[Opening Records for processing section]

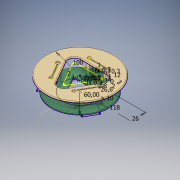
# Autodesk Inventor part: Stewart-Plate-inside
Saved by Autodesk Inventor 2018.2 (Build 222227000, 227)
## iProperties
Created: 2018-02-18
Part Number: Stewart-Plate-inside
Material: Generisch
Document SubType Name: Modeling
Designer: JochenAlt
Density: 1 g/cm^3
Appearance: Vorgabe
Author: JochenAlt
Autodesk Inventor part; units mm, degrees
ref_plane "YZ Plane" through (0, 0, 0) normal (1, 0, 0) x (0, 1, 0)
ref_plane "XZ Plane" through (0, 0, 0) normal (0, 1, 0) x (-1, 0, 0)
sketch "Skizze1" plane through (0, 0, 0) normal (0, 0, 1) x (1, 0, 0)
  line L0 (-9.8, 0) -> (9.8, 0) construction
  line L1 (-7, 36) -> (7, 36)
  line L2 (7, 36) -> (7, 33)
  line L3 (7, 33) -> (-7, 33)
  line L4 (-7, 33) -> (-7, 36)
  line L5 (1.5, 33) -> (-1.5, 33)
  line L6 (-1.5, 33) -> (-1.5, 28)
  line L7 (-1.5, 28) -> (1.5, 28)
  line L8 (1.5, 28) -> (1.5, 33)
  line L9 (0, 43.2) -> (0, -7.2) construction
  point P0 (0, 0)
  dimension "d10" = 3
  dimension "d14" = 14
  dimension "d23" = 5
  constraints: 16 end point, 4 parallel, 3 perpendicular, 2 horizontal, 2 point on line, 1 midpoint, 1 other
  measures "d10" distance between parallel lines of L3 L1
  measures "d14" distance between parallel lines of L2 L4
  measures "d23" distance between parallel lines of L3 L7
extrude "Extrusion3" add sketch "Skizze1" against normal blind 7
fillet "Rundung1" radius 4 2 edges at (-7, 34.5, -7) (7, 34.5, -7)
sketch "Skizze2" plane through (-7, 36, 0) normal (0, 1, 0) x (1, 0, 0)
  circle A0 centre (3, 4) radius 1.1
  circle A1 centre (11, 4) radius 1.1
  line L0 (7, 0) -> (7, 7) construction
  line L1 (43, 0) -> (-27, 0) construction
  line L2 (-1.6221, 4) -> (19.0112, 4) construction
  line L3 (0, 7) -> (14, 7) construction
  line L4 (0, 0) -> (0, 7) projected
  point P0 (4, 7)
  point P1 (10, 7)
  point P2 (0, 3)
  dimension "d16" = 2.2
  dimension "d20" = 3
  dimension "d21" = 3
  constraints: 4 end point, 2 centre point, 1 equal radius, 1 horizontal, 1 midpoint, 1 point on line, 1 symmetric about line, 1 vertical
  measures "d16" diameter of A0
  measures "d20" distance between parallel lines of L3 L2
  measures "d21" distance from line of L4 A0.centre
extrude "Extrusion4" cut sketch "Skizze2" against normal up to next
chamfer "Fase1" distance 5 distance2 7 1 edges at (0, 28, -7) measured on face at (0, 28.5, -7)
pattern_circular "Runde Anordnung1" count 3 over 360 about axis through (0, 0, -10) along (0, 0, 1) of "Extrusion3", "Extrusion4", "Fase1", "Rundung1"
sketch "Skizze3" plane through (0, 0, 0) normal (0, 0, 1) x (1, 0, 0)
  line L0 (0, 73.7285) -> (0, -70.6214) construction
  circle A0 centre (0, 0) radius 50
  line L1 (23.7291, 15.7) -> (-23.7291, 15.7)
  line L2 (-25.4611, 12.7) -> (-1.7321, -28.4)
  line L3 (25.4611, 12.7) -> (1.7321, -28.4)
  line L4 (-11.5394, 6.6623) -> (13.5966, -7.85) construction
  line L5 (27.1932, 15.7) -> (-13.5966, -7.85) construction
  line L6 (0.15, 52.6) -> (12.15, 52.6) construction
  line L7 (12.15, 52.6) -> (12.15, 26) construction
  line L8 (12.15, 26) -> (0.15, 26) construction
  line L9 (0.15, 26) -> (0.15, 52.6) construction
  line L10 (-0.15, 52.6) -> (-12.15, 52.6) construction
  line L11 (-12.15, 52.6) -> (-12.15, 26) construction
  line L12 (-12.15, 26) -> (-0.15, 26) construction
  line L13 (-0.15, 26) -> (-0.15, 52.6) construction
  line L14 (11.45, 25.7) -> (-11.45, 25.7)
  arc A1 (-23.7291, 15.7) -> (-25.4611, 12.7) centre (-23.7291, 13.7) ccw
  arc A2 (-1.7321, -28.4) -> (1.7321, -28.4) centre (0, -27.4) ccw
  arc A3 (25.4611, 12.7) -> (23.7291, 15.7) centre (23.7291, 13.7) ccw
  line L15 (-12.45, 31.5) -> (12.45, 31.5) construction
  line L16 (12.45, 32.7) -> (-12.45, 32.7) construction
  line L17 (-12.45, 31.2) -> (12.45, 31.2)
  line L18 (-12.45, 33) -> (12.45, 33)
  line L19 (-12.45, 26.7) -> (-12.45, 51.9)
  line L20 (-11.45, 52.9) -> (11.45, 52.9)
  line L21 (12.45, 51.9) -> (12.45, 26.7)
  arc A4 (-11.45, 52.9) -> (-12.45, 51.9) centre (-11.45, 51.9) ccw
  arc A5 (12.45, 51.9) -> (11.45, 52.9) centre (11.45, 51.9) ccw
  arc A6 (11.45, 25.7) -> (12.45, 26.7) centre (11.45, 26.7) ccw
  arc A7 (-12.45, 26.7) -> (-11.45, 25.7) centre (-11.45, 26.7) ccw
  line L22 (-12.45, 35.15) -> (12.45, 35.15) construction
  circle A8 centre (0, 0) radius 36.7791 construction
  circle A9 centre (-16.6, 32.8198) radius 2.15 construction
  line L23 (-14.3846, 33.9403) -> (-14.5219, 31.4615)
  line L24 (-14.5219, 31.4615) -> (-16.7373, 30.341)
  line L25 (-16.7373, 30.341) -> (-18.8154, 31.6993)
  line L26 (-18.8154, 31.6993) -> (-18.6781, 34.1781)
  line L27 (-18.6781, 34.1781) -> (-16.4627, 35.2986)
  line L28 (-16.4627, 35.2986) -> (-14.3846, 33.9403)
  line L29 (-16.6, 32.8198) -> (-17.5704, 34.7383) construction
  line L30 (-16.6, 32.8198) -> (0, 0) construction
  line L31 (0, 0) -> (16.6, 32.8198) construction
  circle A10 centre (16.6, 32.8198) radius 2.15 construction
  line L32 (18.8154, 31.6993) -> (16.7373, 30.341)
  line L33 (16.7373, 30.341) -> (14.5219, 31.4615)
  line L34 (14.5219, 31.4615) -> (14.3846, 33.9403)
  line L35 (14.3846, 33.9403) -> (16.4627, 35.2986)
  line L36 (16.4627, 35.2986) -> (18.6781, 34.1781)
  line L37 (18.6781, 34.1781) -> (18.8154, 31.6993)
  line L38 (16.6, 32.8198) -> (17.5704, 34.7383) construction
  arc A11 (16.6, 28.6698) -> (16.6, 36.9698) centre (16.6, 32.8198) ccw
  line L39 (-12.45, 36.9698) -> (-12.45, 28.6698)
  line L40 (-12.45, 28.6698) -> (-16.6, 28.6698)
  arc A12 (-16.6, 36.9698) -> (-16.6, 28.6698) centre (-16.6, 32.8198) ccw
  line L41 (12.45, 36.9698) -> (12.45, 28.6698)
  line L42 (16.6, 36.9698) -> (12.45, 36.9698)
  line L43 (16.6, 28.6698) -> (12.45, 28.6698)
  line L44 (-12.45, 36.9698) -> (-16.6, 36.9698)
  circle A13 centre (16.6, 32.8198) radius 4.15 construction
  circle A14 centre (-16.6, 32.8198) radius 4.15 construction
  circle A15 centre (16.6, 32.8198) radius 1.4
  circle A16 centre (-16.6, 32.8198) radius 1.4
  line L45 (-16.8979, -24.132) -> (-38.7217, -36.732)
  line L46 (-40.0877, -36.366) -> (-51.5377, -16.534)
  arc A17 (-40.0877, -36.366) -> (-38.7217, -36.732) centre (-39.2217, -35.866) ccw
  arc A18 (-16.8979, -24.132) -> (-16.5319, -22.766) centre (-17.3979, -23.266) ccw
  line L47 (-27.9819, -2.934) -> (-16.5319, -22.766)
  line L48 (-20.795, -26.382) -> (-33.245, -4.818)
  line L49 (-22.3538, -27.282) -> (-34.8038, -5.718)
  line L50 (-51.1717, -15.168) -> (-29.3479, -2.568)
  line L51 (-40.3168, -4.1089) -> (-38.2418, -7.7029)
  line L52 (-36.5855, -4.5127) -> (-38.8008, -3.3922)
  line L53 (-34.5074, -3.1544) -> (-36.5855, -4.5127)
  circle A19 centre (-36.7228, -2.0339) radius 2.15 construction
  line L54 (-33.1288, 0.0411) -> (-31.0538, -3.5529)
  arc A20 (-33.1288, 0.0411) -> (-40.3168, -4.1089) centre (-36.7228, -2.0339) ccw
  line L55 (-36.8601, 0.4449) -> (-34.6447, -0.6756)
  circle A21 centre (-36.7228, -2.0339) radius 1.4
  line L56 (0, 0) -> (-36.7228, -2.0339) construction
  line L57 (-34.6447, -0.6756) -> (-34.5074, -3.1544)
  line L58 (-38.8008, -3.3922) -> (-38.9381, -0.9134)
  line L59 (-38.9381, -0.9134) -> (-36.8601, 0.4449)
  line L60 (-22.2008, -29.4276) -> (-19.9855, -28.3071)
  line L61 (-18.6038, -25.1169) -> (-16.5288, -28.7109)
  line L62 (-25.7918, -29.2669) -> (-18.6038, -25.1169)
  line L63 (-22.3381, -31.9064) -> (-22.2008, -29.4276)
  circle A22 centre (-20.1228, -30.7859) radius 1.4
  line L64 (-25.7918, -29.2669) -> (-23.7168, -32.8609)
  circle A23 centre (-20.1228, -30.7859) radius 4.15 construction
  line L65 (-17.9074, -29.6654) -> (-18.0447, -32.1442)
  line L66 (-19.9855, -28.3071) -> (-17.9074, -29.6654)
  line L67 (-18.0447, -32.1442) -> (-20.2601, -33.2647)
  arc A24 (-23.7168, -32.8609) -> (-16.5288, -28.7109) centre (-20.1228, -30.7859) ccw
  line L68 (-20.2601, -33.2647) -> (-22.3381, -31.9064)
  line L69 (-38.2418, -7.7029) -> (-31.0538, -3.5529)
  arc A25 (-27.9819, -2.934) -> (-29.3479, -2.568) centre (-28.8479, -3.434) ccw
  arc A26 (-51.1717, -15.168) -> (-51.5377, -16.534) centre (-50.6717, -16.034) ccw
  line L70 (29.3479, -2.568) -> (51.1717, -15.168)
  line L71 (51.5377, -16.534) -> (40.0877, -36.366)
  arc A27 (51.5377, -16.534) -> (51.1717, -15.168) centre (50.6717, -16.034) ccw
  arc A28 (29.3479, -2.568) -> (27.9819, -2.934) centre (28.8479, -3.434) ccw
  line L72 (16.5319, -22.766) -> (27.9819, -2.934)
  line L73 (33.245, -4.818) -> (20.795, -26.382)
  line L74 (34.8038, -5.718) -> (22.3538, -27.282)
  line L75 (38.7217, -36.732) -> (16.8979, -24.132)
  line L76 (23.7168, -32.8609) -> (25.7918, -29.2669)
  line L77 (22.2008, -29.4276) -> (22.3381, -31.9064)
  line L78 (19.9855, -28.3071) -> (22.2008, -29.4276)
  circle A29 centre (20.1228, -30.7859) radius 2.15 construction
  line L79 (16.5288, -28.7109) -> (18.6038, -25.1169)
  arc A30 (16.5288, -28.7109) -> (23.7168, -32.8609) centre (20.1228, -30.7859) ccw
  line L80 (18.0447, -32.1442) -> (17.9074, -29.6654)
  circle A31 centre (20.1228, -30.7859) radius 1.4
  line L81 (0, 0) -> (20.1228, -30.7859) construction
  line L82 (17.9074, -29.6654) -> (19.9855, -28.3071)
  line L83 (22.3381, -31.9064) -> (20.2601, -33.2647)
  line L84 (20.2601, -33.2647) -> (18.0447, -32.1442)
  line L85 (36.5855, -4.5127) -> (34.5074, -3.1544)
  line L86 (31.0538, -3.5529) -> (33.1288, 0.0411)
  line L87 (38.2418, -7.7029) -> (31.0538, -3.5529)
  line L88 (38.8008, -3.3922) -> (36.5855, -4.5127)
  circle A32 centre (36.7228, -2.0339) radius 1.4
  line L89 (38.2418, -7.7029) -> (40.3168, -4.1089)
  circle A33 centre (36.7228, -2.0339) radius 4.15 construction
  line L90 (34.6447, -0.6756) -> (36.8601, 0.4449)
  line L91 (34.5074, -3.1544) -> (34.6447, -0.6756)
  line L92 (36.8601, 0.4449) -> (38.9381, -0.9134)
  arc A34 (40.3168, -4.1089) -> (33.1288, 0.0411) centre (36.7228, -2.0339) ccw
  line L93 (38.9381, -0.9134) -> (38.8008, -3.3922)
  line L94 (25.7918, -29.2669) -> (18.6038, -25.1169)
  arc A35 (16.5319, -22.766) -> (16.8979, -24.132) centre (17.3979, -23.266) ccw
  arc A36 (38.7217, -36.732) -> (40.0877, -36.366) centre (39.2217, -35.866) ccw
  point P0 (-27.1932, 15.7)
  point P1 (0, -31.4)
  point P2 (19.75, 15.7)
  point P3 (-14.2556, 15.7)
  point P4 (-15.9349, -3.8)
  point P5 (11.2583, -11.9)
  point P6 (-4.5899, -23.45)
  point P7 (-15.4237, 34.6195)
  point P8 (18.7467, 32.9387)
  point P9 (-24.2158, -28.357)
  point P10 (-22.094, -27.132)
  point P11 (-21.0548, -26.532)
  point P12 (-36.6658, -6.793)
  point P13 (-34.544, -5.568)
  point P14 (-33.5048, -4.968)
  point P15 (-37.8991, -0.2342)
  point P16 (-38.8695, -2.1528)
  point P17 (-22.2695, -30.667)
  point P18 (-21.2991, -32.5856)
  point P19 (36.6658, -6.793)
  point P20 (34.544, -5.568)
  point P21 (33.5048, -4.968)
  point P22 (24.2158, -28.357)
  point P23 (22.094, -27.132)
  point P24 (21.0548, -26.532)
  point P25 (19.1524, -32.7045)
  point P26 (21.2991, -32.5856)
  point P27 (37.6932, -3.9524)
  point P28 (38.8695, -2.1528)
  dimension "d140" = 60
  dimension "d146" = 0.3
  dimension "d147" = 26.6
  dimension "d148" = 12
  dimension "d150" = 0.3
  dimension "d160" = 10
  dimension "d164" = 26
  dimension "d184" = 2
  dimension "d189" = 100
  dimension "d199" = 5.5
  dimension "d200" = 1.2
  dimension "d201" = 0.3
  dimension "d202" = 0.3
  dimension "d203" = 0.3
  dimension "d204" = 0.3
  dimension "d205" = 1
  dimension "d211" = 4.3
  dimension "d213" = 0
  dimension "d214" = 2
  dimension "d227" = 2.8
  dimension "d230" = 360
  constraints: 188 end point, 54 point on circle, 48 point on line, 37 centre point, 21 tangent, 11 coincident, 10 midpoint, 8 equal radius, 6 parallel, 5 horizontal, 4 collinear, 4 perpendicular, 2 symmetric about line, 2 vertical, 298 other
  measures "d140" angle of L3 L1
  measures "d146" distance between parallel lines of L9 L13
  measures "d147" distance between parallel lines of L8 L6
  measures "d148" distance between parallel lines of L7 L9
  measures "d150" distance between parallel lines of L14 L8
  measures "d160" distance between parallel lines of L1 L14
  measures "d164" distance from line of point (0, 0) L8
  measures "d184" radius of A1
  measures "d189" diameter of A0
  measures "d199" distance between parallel lines of L15 L12
  measures "d200" distance between parallel lines of L16 L15
  measures "d201" distance between parallel lines of L17 L15
  measures "d202" distance between parallel lines of L16 L18
  measures "d203" distance between parallel lines of L6 L20
  measures "d204" distance between parallel lines of L11 L19
  measures "d205" radius of A4
  measures "d211" diameter of A9
  measures "d213" distance between parallel lines of L21 L41
  measures "d214" radial gap between concentric circles of A13 A10
  measures "d227" diameter of A15
extrude "Extrusion11" add sketch "Skizze3" along normal blind 2.5 contours A0 L70 L89 A34 L86 A28 L72 A35 L75 L79 A30 L76 L45 L64 A24 L61 A18 L47 A25 L50 L54 A20 L51 L19 L44 A12 L40 A7 L14 A6 L21 L43 A11 L42 | L21 L18 L19 A0 | A0 L75 L74 L70 | L42 A11 L43 L21 | L70 L86 A34 L89 | L50 L49 L45 A0 | L19 L40 A12 L44 | L76 A30 L79 L75 | L51 A20 L54 L50 | L21 A6 L14 A7 L19 L17 | L45 L61 A24 L64 | L73 L75 A35 L72 A28 L70 | L50 A25 L47 A18 L45 L48 | L23 L24 L25 L26 L27 L28 | L32 L33 L34 L35 L36 L37 | L52 L58 L59 L55 L57 L53 | L60 L66 L65 L67 L68 L63 | L77 L83 L84 L80 L82 L78 | L85 L91 L90 L92 L93 L88
extrude "Extrusion9" cut sketch "Skizze3" against normal blind 1 from surface at 2.5 contours L21 L18 L19 A0 | A0 L19 A4 L20 A5 L21 | L70 A27 L71 A36 L75 A0 | A0 L75 L74 L70 | L50 L49 L45 A0 | A0 L45 A17 L46 A26 L50 | L21 A6 L14 A7 L19 L17 | L73 L75 A35 L72 A28 L70 | L50 A25 L47 A18 L45 L48 | A3 L3 A2 L2 A1 L1
fillet "Rundung4" radius 1 17 edges at (0, -50, 2.5) (49.5385, -6.7778, 2.5) (39.5127, 30.639, 2.5) (-43.3013, 25, 2.5) (-50, 0, 0) (25.4611, 14.7, 2.5) (13.5966, -7.85, 2.5) (0, -29.4, 2.5) (-13.5966, -7.85, 2.5) (-25.4611, 14.7, 2.5) (0, 15.7, 2.5) (-25.4611, 14.7, 0) (-13.5966, -7.85, 0) (0, -29.4, 0) (13.5966, -7.85, 0) (25.4611, 14.7, 0) (0, 15.7, 0)
fillet "Rundung4" radius 0.75 7 edges at (-12.45, 40.7126, 1.5) (-12.1571, 25.9929, 1.5) (0, 25.7, 1.5) (12.1571, 25.9929, 1.5) (12.45, 28.95, 1.5) (-12.45, 28.95, 1.5) (12.45, 40.7126, 1.5)
extrude "Extrusion14" add sketch "Skizze3" along normal blind 13 contours L42 A11 L43 L21 | L70 L86 A34 L89 | L19 L40 A12 L44 | L76 A30 L79 L75 | L51 A20 L54 L50 | L45 L61 A24 L64 | L23 L24 L25 L26 L27 L28 | L32 L33 L34 L35 L36 L37 | L52 L58 L59 L55 L57 L53 | L60 L66 L65 L67 L68 L63 | L77 L83 L84 L80 L82 L78 | L85 L91 L90 L92 L93 L88
extrude "Extrusion15" cut sketch "Skizze3" against normal blind 6 from surface at 13 contours L23 L24 L25 L26 L27 L28 | L32 L33 L34 L35 L36 L37 | A15 | A16 | L52 L58 L59 L55 L57 L53 | L60 L66 L65 L67 L68 L63 | L77 L83 L84 L80 L82 L78 | L85 L91 L90 L92 L93 L88
ref_plane "Arbeitsebene1" through (0, 0, 24.5) normal (0, 0, 1) x (1, 0, 0)
sketch "Skizze8" plane through (0, 0, 24.5) normal (0, 0, 1) x (1, 0, 0)
  circle A0 centre (36.7228, -2.0339) radius 1.4 projected
  circle A1 centre (20.1228, -30.7859) radius 1.4 projected
  circle A2 centre (-20.1228, -30.7859) radius 1.4 projected
  circle A3 centre (-36.7228, -2.0339) radius 1.4 projected
  circle A4 centre (-16.6, 32.8198) radius 1.4 projected
  circle A5 centre (16.6, 32.8198) radius 1.4 projected
  line L0 (18.6781, 34.1781) -> (18.8154, 31.6993) projected
  line L1 (16.4627, 35.2986) -> (18.6781, 34.1781) projected
  line L2 (14.3846, 33.9403) -> (16.4627, 35.2986) projected
  line L3 (14.5219, 31.4615) -> (14.3846, 33.9403) projected
  line L4 (16.7373, 30.341) -> (14.5219, 31.4615) projected
  line L5 (18.8154, 31.6993) -> (16.7373, 30.341) projected
  circle A6 centre (-16.6, 32.8198) radius 1.4 projected
  line L6 (-16.4627, 35.2986) -> (-14.3846, 33.9403) projected
  line L7 (-18.6781, 34.1781) -> (-16.4627, 35.2986) projected
  line L8 (-18.8154, 31.6993) -> (-18.6781, 34.1781) projected
  line L9 (-16.7373, 30.341) -> (-18.8154, 31.6993) projected
  line L10 (-14.5219, 31.4615) -> (-16.7373, 30.341) projected
  line L11 (-14.3846, 33.9403) -> (-14.5219, 31.4615) projected
  circle A7 centre (-36.7228, -2.0339) radius 1.4 projected
  line L12 (-34.6447, -0.6756) -> (-34.5074, -3.1544) projected
  line L13 (-36.8601, 0.4449) -> (-34.6447, -0.6756) projected
  line L14 (-38.9381, -0.9134) -> (-36.8601, 0.4449) projected
  line L15 (-38.8008, -3.3922) -> (-38.9381, -0.9134) projected
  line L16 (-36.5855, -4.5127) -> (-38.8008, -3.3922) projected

[Closing Records for processing section]

#### [What is being asked]
From the opening line of the entries above to the line that holds "line L8 (1.5, 28) -> (1.5, 33)", inclusive, reproduce each line exactly and omit any picture.

#### [Exercise output]
# Autodesk Inventor part: Stewart-Plate-inside
Saved by Autodesk Inventor 2018.2 (Build 222227000, 227)
## iProperties
Created: 2018-02-18
Part Number: Stewart-Plate-inside
Material: Generisch
Document SubType Name: Modeling
Designer: JochenAlt
Density: 1 g/cm^3
Appearance: Vorgabe
Author: JochenAlt
Autodesk Inventor part; units mm, degrees
ref_plane "YZ Plane" through (0, 0, 0) normal (1, 0, 0) x (0, 1, 0)
ref_plane "XZ Plane" through (0, 0, 0) normal (0, 1, 0) x (-1, 0, 0)
sketch "Skizze1" plane through (0, 0, 0) normal (0, 0, 1) x (1, 0, 0)
  line L0 (-9.8, 0) -> (9.8, 0) construction
  line L1 (-7, 36) -> (7, 36)
  line L2 (7, 36) -> (7, 33)
  line L3 (7, 33) -> (-7, 33)
  line L4 (-7, 33) -> (-7, 36)
  line L5 (1.5, 33) -> (-1.5, 33)
  line L6 (-1.5, 33) -> (-1.5, 28)
  line L7 (-1.5, 28) -> (1.5, 28)
  line L8 (1.5, 28) -> (1.5, 33)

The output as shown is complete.